**What you have to do**
Transcribe the records below exactly as they appear, omitting any pictures.

**The data**
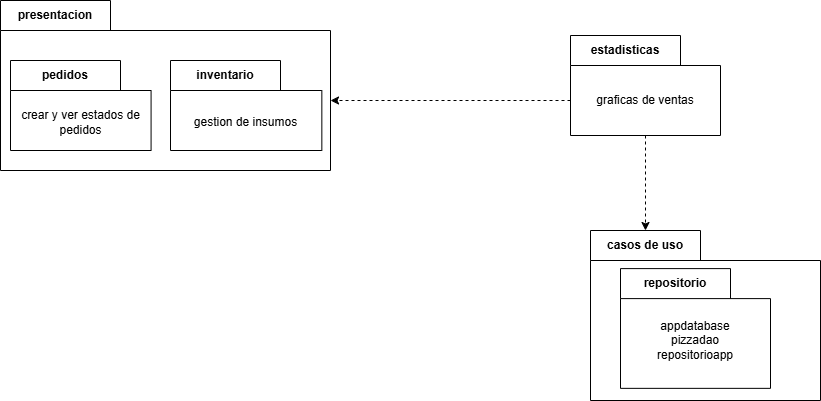

The diagram above was exported from draw.io. Its source (the exported page's mxGraphModel, read from the mxfile embedded in the PNG):
<mxGraphModel dx="1111" dy="-656" grid="1" gridSize="10" guides="1" tooltips="1" connect="1" arrows="1" fold="1" page="1" pageScale="1" pageWidth="827" pageHeight="1169" math="0" shadow="0">
  <root>
    <mxCell id="0" />
    <mxCell id="1" parent="0" />
    <mxCell id="P0qd6icik9ZeVBxYAftC-1" parent="1" style="shape=folder;fontStyle=1;tabWidth=110;tabHeight=30;tabPosition=left;html=1;boundedLbl=1;labelInHeader=1;container=1;collapsible=0;whiteSpace=wrap;" value="estadisticas" vertex="1">
      <mxGeometry height="100" width="150" x="1183" y="1500" as="geometry" />
    </mxCell>
    <mxCell id="P0qd6icik9ZeVBxYAftC-2" parent="P0qd6icik9ZeVBxYAftC-1" style="html=1;strokeColor=none;resizeWidth=1;resizeHeight=1;fillColor=none;part=1;connectable=0;allowArrows=0;deletable=0;whiteSpace=wrap;" value="&lt;div&gt;&lt;div&gt;graficas de ventas&lt;/div&gt;&lt;/div&gt;" vertex="1">
      <mxGeometry height="70" relative="1" width="150" as="geometry">
        <mxPoint y="30" as="offset" />
      </mxGeometry>
    </mxCell>
    <mxCell id="P0qd6icik9ZeVBxYAftC-3" edge="1" parent="1" source="P0qd6icik9ZeVBxYAftC-1" style="endArrow=classic;html=1;rounded=0;exitX=0.5;exitY=1;exitDx=0;exitDy=0;exitPerimeter=0;entryX=0;entryY=0;entryDx=55;entryDy=0;entryPerimeter=0;dashed=1;" target="P0qd6icik9ZeVBxYAftC-4" value="">
      <mxGeometry height="50" relative="1" width="50" as="geometry">
        <mxPoint x="1413" y="1885" as="sourcePoint" />
        <mxPoint x="1463" y="1835" as="targetPoint" />
      </mxGeometry>
    </mxCell>
    <mxCell id="P0qd6icik9ZeVBxYAftC-4" parent="1" style="shape=folder;fontStyle=1;tabWidth=110;tabHeight=30;tabPosition=left;html=1;boundedLbl=1;labelInHeader=1;container=1;collapsible=0;whiteSpace=wrap;" value="casos de uso" vertex="1">
      <mxGeometry height="170" width="230" x="1203" y="1695" as="geometry" />
    </mxCell>
    <mxCell id="P0qd6icik9ZeVBxYAftC-5" parent="P0qd6icik9ZeVBxYAftC-4" style="html=1;strokeColor=none;resizeWidth=1;resizeHeight=1;fillColor=none;part=1;connectable=0;allowArrows=0;deletable=0;whiteSpace=wrap;" value="" vertex="1">
      <mxGeometry height="118.99999999999999" relative="1" width="230" as="geometry">
        <mxPoint y="30" as="offset" />
      </mxGeometry>
    </mxCell>
    <mxCell id="P0qd6icik9ZeVBxYAftC-6" parent="P0qd6icik9ZeVBxYAftC-4" style="shape=folder;fontStyle=1;tabWidth=110;tabHeight=30;tabPosition=left;html=1;boundedLbl=1;labelInHeader=1;container=1;collapsible=0;whiteSpace=wrap;" value="repositorio" vertex="1">
      <mxGeometry height="119.75" width="150" x="30" y="38.1" as="geometry" />
    </mxCell>
    <mxCell id="P0qd6icik9ZeVBxYAftC-7" parent="P0qd6icik9ZeVBxYAftC-6" style="html=1;strokeColor=none;resizeWidth=1;resizeHeight=1;fillColor=none;part=1;connectable=0;allowArrows=0;deletable=0;whiteSpace=wrap;" value="appdatabase&lt;div&gt;pizzadao&lt;/div&gt;&lt;div&gt;repositorioapp&lt;/div&gt;" vertex="1">
      <mxGeometry height="83.825" relative="1" width="150.00000000000003" as="geometry">
        <mxPoint y="30" as="offset" />
      </mxGeometry>
    </mxCell>
    <mxCell id="P0qd6icik9ZeVBxYAftC-8" parent="1" style="shape=folder;fontStyle=1;tabWidth=110;tabHeight=30;tabPosition=left;html=1;boundedLbl=1;labelInHeader=1;container=1;collapsible=0;whiteSpace=wrap;" value="presentacion" vertex="1">
      <mxGeometry height="170" width="330" x="613" y="1465" as="geometry" />
    </mxCell>
    <mxCell id="P0qd6icik9ZeVBxYAftC-9" parent="P0qd6icik9ZeVBxYAftC-8" style="html=1;strokeColor=none;resizeWidth=1;resizeHeight=1;fillColor=none;part=1;connectable=0;allowArrows=0;deletable=0;whiteSpace=wrap;" value="" vertex="1">
      <mxGeometry height="76.05263157894736" relative="1" width="241.15384615384613" as="geometry">
        <mxPoint y="30" as="offset" />
      </mxGeometry>
    </mxCell>
    <mxCell id="P0qd6icik9ZeVBxYAftC-10" parent="P0qd6icik9ZeVBxYAftC-8" style="shape=folder;fontStyle=1;tabWidth=110;tabHeight=30;tabPosition=left;html=1;boundedLbl=1;labelInHeader=1;container=1;collapsible=0;whiteSpace=wrap;" value="inventario" vertex="1">
      <mxGeometry height="90" width="151.34" x="170" y="60" as="geometry" />
    </mxCell>
    <mxCell id="P0qd6icik9ZeVBxYAftC-11" parent="P0qd6icik9ZeVBxYAftC-10" style="html=1;strokeColor=none;resizeWidth=1;resizeHeight=1;fillColor=none;part=1;connectable=0;allowArrows=0;deletable=0;whiteSpace=wrap;" value="gestion de insumos" vertex="1">
      <mxGeometry height="62.999999999999986" relative="1" width="151.34" as="geometry">
        <mxPoint y="30" as="offset" />
      </mxGeometry>
    </mxCell>
    <mxCell id="P0qd6icik9ZeVBxYAftC-12" parent="P0qd6icik9ZeVBxYAftC-8" style="shape=folder;fontStyle=1;tabWidth=110;tabHeight=30;tabPosition=left;html=1;boundedLbl=1;labelInHeader=1;container=1;collapsible=0;whiteSpace=wrap;" value="pedidos" vertex="1">
      <mxGeometry height="90" width="140.58" x="10" y="60" as="geometry" />
    </mxCell>
    <mxCell id="P0qd6icik9ZeVBxYAftC-13" parent="P0qd6icik9ZeVBxYAftC-12" style="html=1;strokeColor=none;resizeWidth=1;resizeHeight=1;fillColor=none;part=1;connectable=0;allowArrows=0;deletable=0;whiteSpace=wrap;" value="crear y ver estados de pedidos" vertex="1">
      <mxGeometry height="63" relative="1" width="140.58" as="geometry">
        <mxPoint y="30" as="offset" />
      </mxGeometry>
    </mxCell>
    <mxCell id="P0qd6icik9ZeVBxYAftC-14" edge="1" parent="1" source="P0qd6icik9ZeVBxYAftC-1" style="endArrow=classic;html=1;rounded=0;exitX=0;exitY=0;exitDx=0;exitDy=65;exitPerimeter=0;entryX=0;entryY=0;entryDx=330;entryDy=100;entryPerimeter=0;dashed=1;" target="P0qd6icik9ZeVBxYAftC-8" value="">
      <mxGeometry height="50" relative="1" width="50" as="geometry">
        <mxPoint x="1003" y="1715" as="sourcePoint" />
        <mxPoint x="1053" y="1665" as="targetPoint" />
      </mxGeometry>
    </mxCell>
  </root>
</mxGraphModel>

**Response to the task**
The diagram above was exported from draw.io. Its source (the exported page's mxGraphModel, read from the mxfile embedded in the PNG):
<mxGraphModel dx="1111" dy="-656" grid="1" gridSize="10" guides="1" tooltips="1" connect="1" arrows="1" fold="1" page="1" pageScale="1" pageWidth="827" pageHeight="1169" math="0" shadow="0">
  <root>
    <mxCell id="0" />
    <mxCell id="1" parent="0" />
    <mxCell id="P0qd6icik9ZeVBxYAftC-1" parent="1" style="shape=folder;fontStyle=1;tabWidth=110;tabHeight=30;tabPosition=left;html=1;boundedLbl=1;labelInHeader=1;container=1;collapsible=0;whiteSpace=wrap;" value="estadisticas" vertex="1">
      <mxGeometry height="100" width="150" x="1183" y="1500" as="geometry" />
    </mxCell>
    <mxCell id="P0qd6icik9ZeVBxYAftC-2" parent="P0qd6icik9ZeVBxYAftC-1" style="html=1;strokeColor=none;resizeWidth=1;resizeHeight=1;fillColor=none;part=1;connectable=0;allowArrows=0;deletable=0;whiteSpace=wrap;" value="&lt;div&gt;&lt;div&gt;graficas de ventas&lt;/div&gt;&lt;/div&gt;" vertex="1">
      <mxGeometry height="70" relative="1" width="150" as="geometry">
        <mxPoint y="30" as="offset" />
      </mxGeometry>
    </mxCell>
    <mxCell id="P0qd6icik9ZeVBxYAftC-3" edge="1" parent="1" source="P0qd6icik9ZeVBxYAftC-1" style="endArrow=classic;html=1;rounded=0;exitX=0.5;exitY=1;exitDx=0;exitDy=0;exitPerimeter=0;entryX=0;entryY=0;entryDx=55;entryDy=0;entryPerimeter=0;dashed=1;" target="P0qd6icik9ZeVBxYAftC-4" value="">
      <mxGeometry height="50" relative="1" width="50" as="geometry">
        <mxPoint x="1413" y="1885" as="sourcePoint" />
        <mxPoint x="1463" y="1835" as="targetPoint" />
      </mxGeometry>
    </mxCell>
    <mxCell id="P0qd6icik9ZeVBxYAftC-4" parent="1" style="shape=folder;fontStyle=1;tabWidth=110;tabHeight=30;tabPosition=left;html=1;boundedLbl=1;labelInHeader=1;container=1;collapsible=0;whiteSpace=wrap;" value="casos de uso" vertex="1">
      <mxGeometry height="170" width="230" x="1203" y="1695" as="geometry" />
    </mxCell>
    <mxCell id="P0qd6icik9ZeVBxYAftC-5" parent="P0qd6icik9ZeVBxYAftC-4" style="html=1;strokeColor=none;resizeWidth=1;resizeHeight=1;fillColor=none;part=1;connectable=0;allowArrows=0;deletable=0;whiteSpace=wrap;" value="" vertex="1">
      <mxGeometry height="118.99999999999999" relative="1" width="230" as="geometry">
        <mxPoint y="30" as="offset" />
      </mxGeometry>
    </mxCell>
    <mxCell id="P0qd6icik9ZeVBxYAftC-6" parent="P0qd6icik9ZeVBxYAftC-4" style="shape=folder;fontStyle=1;tabWidth=110;tabHeight=30;tabPosition=left;html=1;boundedLbl=1;labelInHeader=1;container=1;collapsible=0;whiteSpace=wrap;" value="repositorio" vertex="1">
      <mxGeometry height="119.75" width="150" x="30" y="38.1" as="geometry" />
    </mxCell>
    <mxCell id="P0qd6icik9ZeVBxYAftC-7" parent="P0qd6icik9ZeVBxYAftC-6" style="html=1;strokeColor=none;resizeWidth=1;resizeHeight=1;fillColor=none;part=1;connectable=0;allowArrows=0;deletable=0;whiteSpace=wrap;" value="appdatabase&lt;div&gt;pizzadao&lt;/div&gt;&lt;div&gt;repositorioapp&lt;/div&gt;" vertex="1">
      <mxGeometry height="83.825" relative="1" width="150.00000000000003" as="geometry">
        <mxPoint y="30" as="offset" />
      </mxGeometry>
    </mxCell>
    <mxCell id="P0qd6icik9ZeVBxYAftC-8" parent="1" style="shape=folder;fontStyle=1;tabWidth=110;tabHeight=30;tabPosition=left;html=1;boundedLbl=1;labelInHeader=1;container=1;collapsible=0;whiteSpace=wrap;" value="presentacion" vertex="1">
      <mxGeometry height="170" width="330" x="613" y="1465" as="geometry" />
    </mxCell>
    <mxCell id="P0qd6icik9ZeVBxYAftC-9" parent="P0qd6icik9ZeVBxYAftC-8" style="html=1;strokeColor=none;resizeWidth=1;resizeHeight=1;fillColor=none;part=1;connectable=0;allowArrows=0;deletable=0;whiteSpace=wrap;" value="" vertex="1">
      <mxGeometry height="76.05263157894736" relative="1" width="241.15384615384613" as="geometry">
        <mxPoint y="30" as="offset" />
      </mxGeometry>
    </mxCell>
    <mxCell id="P0qd6icik9ZeVBxYAftC-10" parent="P0qd6icik9ZeVBxYAftC-8" style="shape=folder;fontStyle=1;tabWidth=110;tabHeight=30;tabPosition=left;html=1;boundedLbl=1;labelInHeader=1;container=1;collapsible=0;whiteSpace=wrap;" value="inventario" vertex="1">
      <mxGeometry height="90" width="151.34" x="170" y="60" as="geometry" />
    </mxCell>
    <mxCell id="P0qd6icik9ZeVBxYAftC-11" parent="P0qd6icik9ZeVBxYAftC-10" style="html=1;strokeColor=none;resizeWidth=1;resizeHeight=1;fillColor=none;part=1;connectable=0;allowArrows=0;deletable=0;whiteSpace=wrap;" value="gestion de insumos" vertex="1">
      <mxGeometry height="62.999999999999986" relative="1" width="151.34" as="geometry">
        <mxPoint y="30" as="offset" />
      </mxGeometry>
    </mxCell>
    <mxCell id="P0qd6icik9ZeVBxYAftC-12" parent="P0qd6icik9ZeVBxYAftC-8" style="shape=folder;fontStyle=1;tabWidth=110;tabHeight=30;tabPosition=left;html=1;boundedLbl=1;labelInHeader=1;container=1;collapsible=0;whiteSpace=wrap;" value="pedidos" vertex="1">
      <mxGeometry height="90" width="140.58" x="10" y="60" as="geometry" />
    </mxCell>
    <mxCell id="P0qd6icik9ZeVBxYAftC-13" parent="P0qd6icik9ZeVBxYAftC-12" style="html=1;strokeColor=none;resizeWidth=1;resizeHeight=1;fillColor=none;part=1;connectable=0;allowArrows=0;deletable=0;whiteSpace=wrap;" value="crear y ver estados de pedidos" vertex="1">
      <mxGeometry height="63" relative="1" width="140.58" as="geometry">
        <mxPoint y="30" as="offset" />
      </mxGeometry>
    </mxCell>
    <mxCell id="P0qd6icik9ZeVBxYAftC-14" edge="1" parent="1" source="P0qd6icik9ZeVBxYAftC-1" style="endArrow=classic;html=1;rounded=0;exitX=0;exitY=0;exitDx=0;exitDy=65;exitPerimeter=0;entryX=0;entryY=0;entryDx=330;entryDy=100;entryPerimeter=0;dashed=1;" target="P0qd6icik9ZeVBxYAftC-8" value="">
      <mxGeometry height="50" relative="1" width="50" as="geometry">
        <mxPoint x="1003" y="1715" as="sourcePoint" />
        <mxPoint x="1053" y="1665" as="targetPoint" />
      </mxGeometry>
    </mxCell>
  </root>
</mxGraphModel>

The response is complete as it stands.